- Analistas veem mais espaço para alta em ANIM3 do que em COGN3 no curto prazo.
- Cogna (COGN3) apresentou bons resultados, mas investidores realizaram lucros após alta de 240% no ano.
- Ânima (ANIM3) superou margens e fluxo de caixa, mantendo recomendação de compra pela maioria das casas.
A manhã no mercado educacional foi marcada por um contraste raro. A Cogna (COGN3) apresentou resultados fortes, mas viu suas ações despencarem quase 5% após investidores realizarem lucros. Já a Ânima (ANIM3) surpreendeu com margens robustas e geração de caixa acima das expectativas, levando suas ações a dispararem quase 7%.
Mesmo com os números sólidos, o humor dos investidores divergiu fortemente. A Cogna acumula alta de 240% em 2025, o que explica parte da realização de lucros. Já a Ânima, mesmo com valorização de 130% no ano, segue sendo vista como uma aposta de continuidade, com a maior parte das casas recomendando compra para ANIM3.
Por que Cogna caiu, mesmo com bons resultados?
Os analistas do BTG Pactual, BBI e JPMorgan consideraram o trimestre sólido, com receita líquida de R$ 1,52 bilhão e EBITDA ajustado de R$ 423 milhões, ligeiramente acima do esperado.
No entanto, o fluxo de caixa livre de R$ 300 milhões e a alavancagem em 1,1x não foram suficientes para sustentar o rali de meses.
A queda se deve, segundo analistas, à realização após forte valorização. O mercado também reagiu à política agressiva de financiamento estudantil do PMT (Parcelamento Mensalidades Trimestral), que pode elevar a evasão no próximo ano.
O Morgan Stanley destacou que, apesar do bom desempenho, há incertezas sobre o impacto dessa política nos indicadores de inadimplência e no PDA (Provisão para Devedores Duvidosos), o que trouxe cautela.

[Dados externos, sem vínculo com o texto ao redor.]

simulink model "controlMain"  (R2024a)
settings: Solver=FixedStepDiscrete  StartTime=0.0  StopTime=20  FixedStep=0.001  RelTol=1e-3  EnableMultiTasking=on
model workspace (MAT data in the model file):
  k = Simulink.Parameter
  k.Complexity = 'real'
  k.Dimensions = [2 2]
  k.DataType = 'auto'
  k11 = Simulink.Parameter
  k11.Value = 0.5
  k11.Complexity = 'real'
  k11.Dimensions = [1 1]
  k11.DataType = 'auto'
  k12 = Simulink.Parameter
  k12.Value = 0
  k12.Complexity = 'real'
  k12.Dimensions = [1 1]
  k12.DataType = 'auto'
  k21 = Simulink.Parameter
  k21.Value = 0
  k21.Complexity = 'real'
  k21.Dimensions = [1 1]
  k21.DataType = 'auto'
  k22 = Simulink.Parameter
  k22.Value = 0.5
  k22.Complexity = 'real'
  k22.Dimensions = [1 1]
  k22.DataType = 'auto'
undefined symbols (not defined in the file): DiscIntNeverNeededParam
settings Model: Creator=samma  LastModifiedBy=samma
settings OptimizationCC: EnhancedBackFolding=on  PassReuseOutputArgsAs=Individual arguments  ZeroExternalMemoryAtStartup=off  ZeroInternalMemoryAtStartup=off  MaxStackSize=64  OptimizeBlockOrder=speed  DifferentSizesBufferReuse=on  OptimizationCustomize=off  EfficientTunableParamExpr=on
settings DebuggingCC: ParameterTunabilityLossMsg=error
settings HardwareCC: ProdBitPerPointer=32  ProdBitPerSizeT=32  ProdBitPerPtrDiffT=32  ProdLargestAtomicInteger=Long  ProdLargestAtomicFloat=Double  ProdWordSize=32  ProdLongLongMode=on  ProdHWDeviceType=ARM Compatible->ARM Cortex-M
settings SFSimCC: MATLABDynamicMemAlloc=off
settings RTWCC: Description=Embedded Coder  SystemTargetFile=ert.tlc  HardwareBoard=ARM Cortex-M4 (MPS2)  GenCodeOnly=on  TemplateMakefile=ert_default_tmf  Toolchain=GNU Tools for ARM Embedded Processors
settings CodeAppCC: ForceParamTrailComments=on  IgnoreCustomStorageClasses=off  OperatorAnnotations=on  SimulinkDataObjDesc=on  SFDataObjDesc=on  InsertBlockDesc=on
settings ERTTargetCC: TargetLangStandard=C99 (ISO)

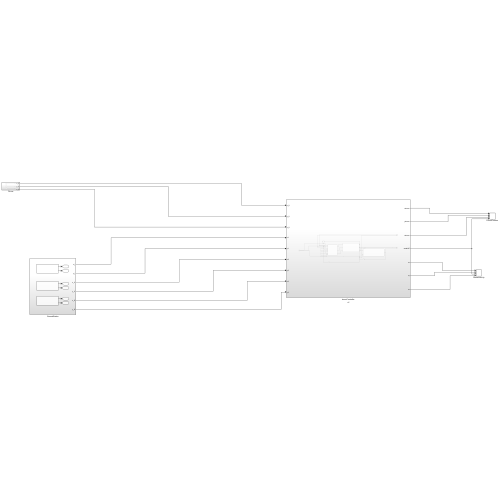
[thumbnail: Simulink's stored preview of the top-level diagram]
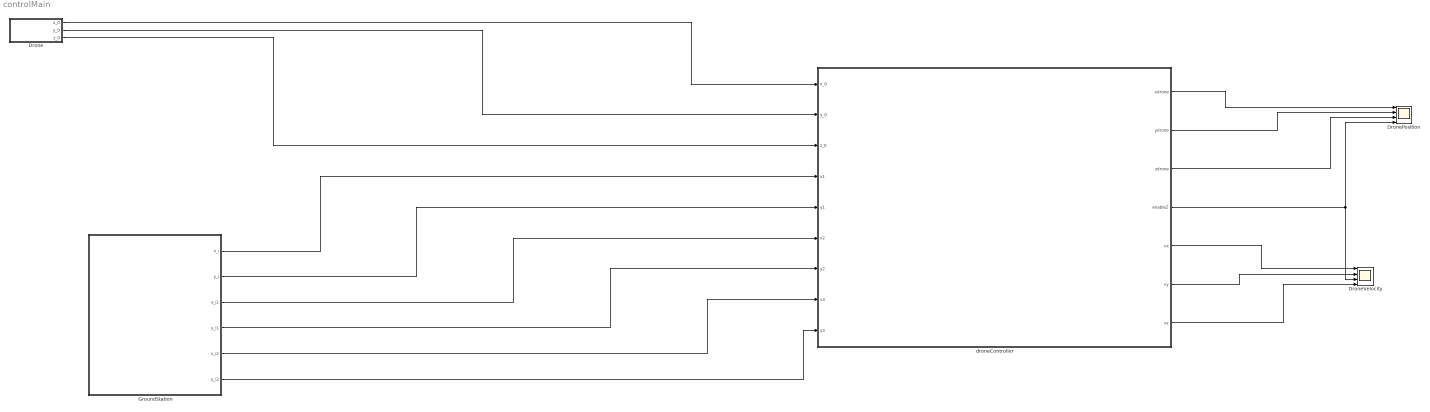
== system controlMain ==
  Drone : Subsystem
  DronePosition : Scope  NumInputPorts=4
  DroneVelocity : Scope  NumInputPorts=4
  GroundStation : Subsystem
  droneController : Subsystem
      settings: AttributesFormatString=%<TreatAsAtomicUnit>
  wires:
  droneController/4(enableZ) -> DronePosition/4, DroneVelocity/3
  GroundStation/1(x_i) -> droneController/4(x1)
  Drone/1(x_0) -> droneController/1(x_0)
  GroundStation/2(y_i) -> droneController/5(y1)
  Drone/2(y_0) -> droneController/2(y_0)
  Drone/3(z_0) -> droneController/3(z_0)
  GroundStation/3(x_i1) -> droneController/6(x2)
  GroundStation/4(y_i1) -> droneController/7(y2)
  GroundStation/5(x_i2) -> droneController/8(x3)
  GroundStation/6(y_i2) -> droneController/9(y3)
  droneController/1(xdrone) -> DronePosition/1
  droneController/2(ydrone) -> DronePosition/2
  droneController/3(zdrone) -> DronePosition/3
  droneController/5(vx) -> DroneVelocity/1
  droneController/6(vy) -> DroneVelocity/2
  droneController/7(vz) -> DroneVelocity/4

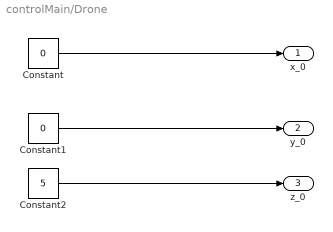
== system controlMain/Drone ==
  Constant : Constant  Value=0
  Constant1 : Constant  Value=0
  Constant2 : Constant  Value=5
  x_0 : Outport
  y_0 : Outport  Port=2
  z_0 : Outport  Port=3
  wires:
  Constant/1 -> x_0/1
  Constant1/1 -> y_0/1
  Constant2/1 -> z_0/1

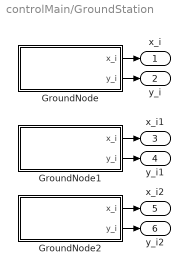
== system controlMain/GroundStation ==
  GroundNode : Subsystem
  GroundNode1 : Subsystem
  GroundNode2 : Subsystem
  x_i : Outport
  y_i : Outport  Port=2
  x_i1 : Outport  Port=3
  y_i1 : Outport  Port=4
  x_i2 : Outport  Port=5
  y_i2 : Outport  Port=6
  wires:
  GroundNode2/1(x_i) -> x_i2/1
  GroundNode/1(x_i) -> x_i/1
  GroundNode2/2(y_i) -> y_i2/1
  GroundNode1/2(y_i) -> y_i1/1
  GroundNode/2(y_i) -> y_i/1
  GroundNode1/1(x_i) -> x_i1/1

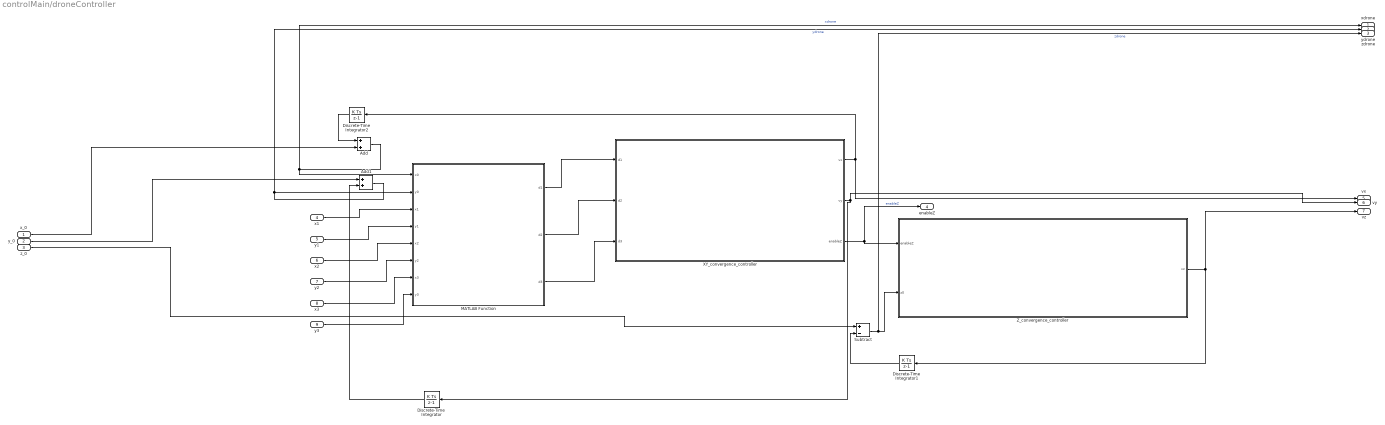
== system controlMain/droneController ==
  x_0 : Inport
  y_0 : Inport  Port=2
  z_0 : Inport  Port=3
  x1 : Inport  Port=4
  y1 : Inport  Port=5
  x2 : Inport  Port=6
  y2 : Inport  Port=7
  x3 : Inport  Port=8
  y3 : Inport  Port=9
  Add : Sum
  Add1 : Sum
  Discrete-Time Integrator : DiscreteIntegrator  SampleTime=-1  ICPrevOutput=DiscIntNeverNeededParam  ICPrevScaledInput=DiscIntNeverNeededParam
  Discrete-Time Integrator1 : DiscreteIntegrator  SampleTime=-1  ICPrevOutput=DiscIntNeverNeededParam  ICPrevScaledInput=DiscIntNeverNeededParam
  Discrete-Time Integrator2 : DiscreteIntegrator  SampleTime=-1  ICPrevOutput=DiscIntNeverNeededParam  ICPrevScaledInput=DiscIntNeverNeededParam
  MATLAB Function : MATLAB Function  TreatAsAtomicUnit=on
  Subtract : Sum  Inputs=+-
  XY_convergence_controller : Subsystem
  Z_convergence_controller : Subsystem
  xdrone : Outport
  ydrone : Outport  Port=2
  zdrone : Outport  Port=3
  enableZ : Outport  Port=4
  vx : Outport  Port=5
  vy : Outport  Port=6
  vz : Outport  Port=7
  wires:
  x_0/1 -> Add/2
  MATLAB Function/1(d1) -> XY_convergence_controller/1(d1)
  x1/1 -> MATLAB Function/3(x1)
  Add1/1 -> ydrone/1, MATLAB Function/2(y0)  "ydrone"
  XY_convergence_controller/1(vx) -> Discrete-Time Integrator2/1, vx/1
  Discrete-Time Integrator2/1 -> Add/1
  y3/1 -> MATLAB Function/8(y3)
  MATLAB Function/2(d2) -> XY_convergence_controller/2(d2)
  Add/1 -> xdrone/1, MATLAB Function/1(x0)  "xdrone"
  Discrete-Time Integrator/1 -> Add1/2
  MATLAB Function/3(d3) -> XY_convergence_controller/3(d3)
  XY_convergence_controller/3(enableZ) -> enableZ/1, Z_convergence_controller/1(enableZ)  "enableZ"
  XY_convergence_controller/2(vy) -> Discrete-Time Integrator/1, vy/1
  Z_convergence_controller/1(vz) -> Discrete-Time Integrator1/1, vz/1
  Subtract/1 -> zdrone/1, Z_convergence_controller/2(z0)  "zdrone"
  Discrete-Time Integrator1/1 -> Subtract/2
  x2/1 -> MATLAB Function/5(x2)
  y2/1 -> MATLAB Function/6(y2)
  y1/1 -> MATLAB Function/4(y1)
  z_0/1 -> Subtract/1
  y_0/1 -> Add1/1
  x3/1 -> MATLAB Function/7(x3)

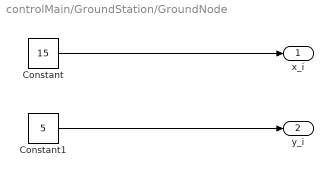
== system controlMain/GroundStation/GroundNode ==
  Constant : Constant  Value=15
  Constant1 : Constant  Value=5
  x_i : Outport
  y_i : Outport  Port=2
  wires:
  Constant/1 -> x_i/1
  Constant1/1 -> y_i/1

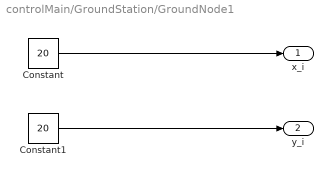
== system controlMain/GroundStation/GroundNode1 ==
  Constant : Constant  Value=20
  Constant1 : Constant  Value=20
  x_i : Outport
  y_i : Outport  Port=2
  wires:
  Constant/1 -> x_i/1
  Constant1/1 -> y_i/1

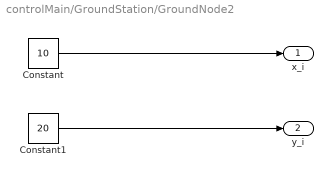
== system controlMain/GroundStation/GroundNode2 ==
  Constant : Constant  Value=10
  Constant1 : Constant  Value=20
  x_i : Outport
  y_i : Outport  Port=2
  wires:
  Constant/1 -> x_i/1
  Constant1/1 -> y_i/1

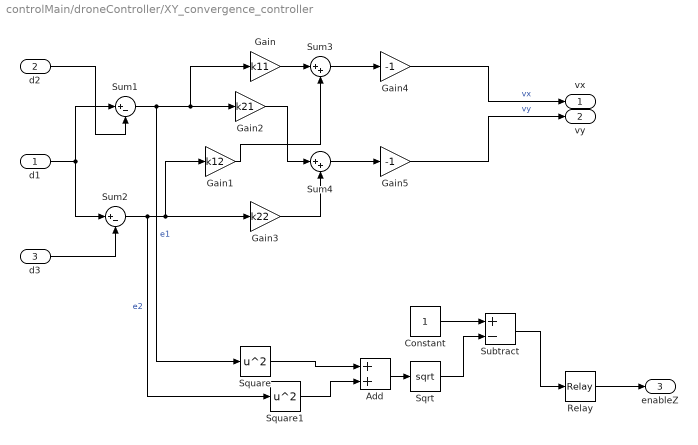
== system controlMain/droneController/XY_convergence_controller ==
  d1 : Inport
  d2 : Inport  Port=2
  d3 : Inport  Port=3
  Add : Sum
  Constant : Constant
  Gain : Gain  Gain=k11
  Gain1 : Gain  Gain=k12
  Gain2 : Gain  Gain=k21
  Gain3 : Gain  Gain=k22
  Gain4 : Gain  Gain=-1
  Gain5 : Gain  Gain=-1
  Relay : Relay  OnSwitchValue=0.95  OffSwitchValue=0.92
  Sqrt : Sqrt
  Square : Math  Operator=square
  Square1 : Math  Operator=square
  Subtract : Sum  Inputs=+-
  Sum1 : Sum  Inputs=|+-
  Sum2 : Sum  Inputs=|+-
  Sum3 : Sum  Inputs=|++
  Sum4 : Sum  Inputs=|++
  vx : Outport
  vy : Outport  Port=2
  enableZ : Outport  Port=3
  wires:
  Sum4/1 -> Gain5/1
  Sum2/1 -> Square1/1, Gain1/1, Gain3/1  "e2"
  d2/1 -> Sum1/2
  d3/1 -> Sum2/2
  Gain1/1 -> Sum3/2
  d1/1 -> Sum1/1, Sum2/1
  Gain/1 -> Sum3/1
  Gain4/1 -> vx/1  "vx"
  Sum3/1 -> Gain4/1
  Sum1/1 -> Square/1, Gain/1, Gain2/1  "e1"
  Gain2/1 -> Sum4/1
  Gain3/1 -> Sum4/2
  Gain5/1 -> vy/1  "vy"
  Square/1 -> Add/1
  Square1/1 -> Add/2
  Add/1 -> Sqrt/1
  Sqrt/1 -> Subtract/2
  Relay/1 -> enableZ/1
  Constant/1 -> Subtract/1
  Subtract/1 -> Relay/1

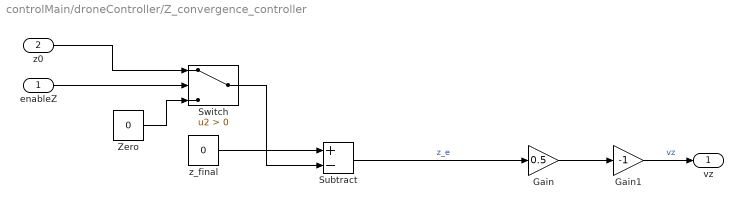
== system controlMain/droneController/Z_convergence_controller ==
  enableZ : Inport
  z0 : Inport  Port=2
  Gain : Gain  Gain=0.5
  Gain1 : Gain  Gain=-1
  Subtract : Sum  Inputs=+-
  Switch : Switch  Criteria=u2 > Threshold  SaturateOnIntegerOverflow=off  InputSameDT=off
  Zero : Constant  Value=0  OutDataTypeStr=Inherit: Inherit via back propagation
  z_final : Constant  Value=0
  vz : Outport
  wires:
  Subtract/1 -> Gain/1  "z_e"
  z0/1 -> Switch/1
  Switch/1 -> Subtract/2
  Zero/1 -> Switch/3
  Gain/1 -> Gain1/1
  z_final/1 -> Subtract/1
  Gain1/1 -> vz/1  "vz"
  enableZ/1 -> Switch/2

== matlab function controlMain/droneController/MATLAB Function ==
  data: x0 input; d1 output; y0 input; x1 input; y1 input; x2 input; y2 input; x3 input; y3 input; d2 output; d3 output
function [d1,d2,d3] = computeDistances(x0,y0, x1, y1, x2, y2, x3, y3)
    x_nodes = [x1,x2,x3];
    y_nodes = [y1,y2,y3];
    d1 = sqrt((x0 - x_nodes(1))^2 + (y0 - y_nodes(1))^2);
    d2 = sqrt((x0 - x_nodes(2))^2 + (y0 - y_nodes(2))^2);
    d3 = sqrt((x0 - x_nodes(3))^2 + (y0 - y_nodes(3))^2);
end

Ânima impressiona com margens e fluxo de caixa
A Ânima (ANIM3) entregou EBITDA ajustado 6% acima do consenso da Bloomberg, impulsionado pela performance digital e pela Inspirali. A geração de caixa de R$ 225 milhões e a queda da alavancagem líquida para 2,4x reforçaram o otimismo.
O Bradesco BBI classificou o resultado como “positivo e acima do esperado”, com margem EBITDA de 30% e sólida geração de fluxo de caixa do acionista. O banco manteve recomendação de compra e preço-alvo de R$ 5.
Já o BBA destacou a forte captação no segmento principal e a redução da dívida líquida, mesmo após dividendos e M&As. Para o banco, o desempenho reforça a eficiência operacional e abre espaço para novas valorizações.
Visão do mercado: quem leva vantagem agora
Embora COGN3 tenha mostrado números consistentes, o consenso do mercado indica mais espaço para valorização de ANIM3. Das nove casas que cobrem a ação, sete recomendam compra.
A Cogna, por outro lado, enfrenta revisão de múltiplos e possível pressão sobre margens, mesmo com forte execução operacional. Ainda assim, as casas mantêm visão neutra, com preço-alvo em torno de R$ 4.
Analistas avaliam que o setor de educação segue em ciclo de recuperação, mas que as companhias com maior exposição digital, como a Ânima, tendem a capturar ganhos mais rapidamente no novo cenário regulatório.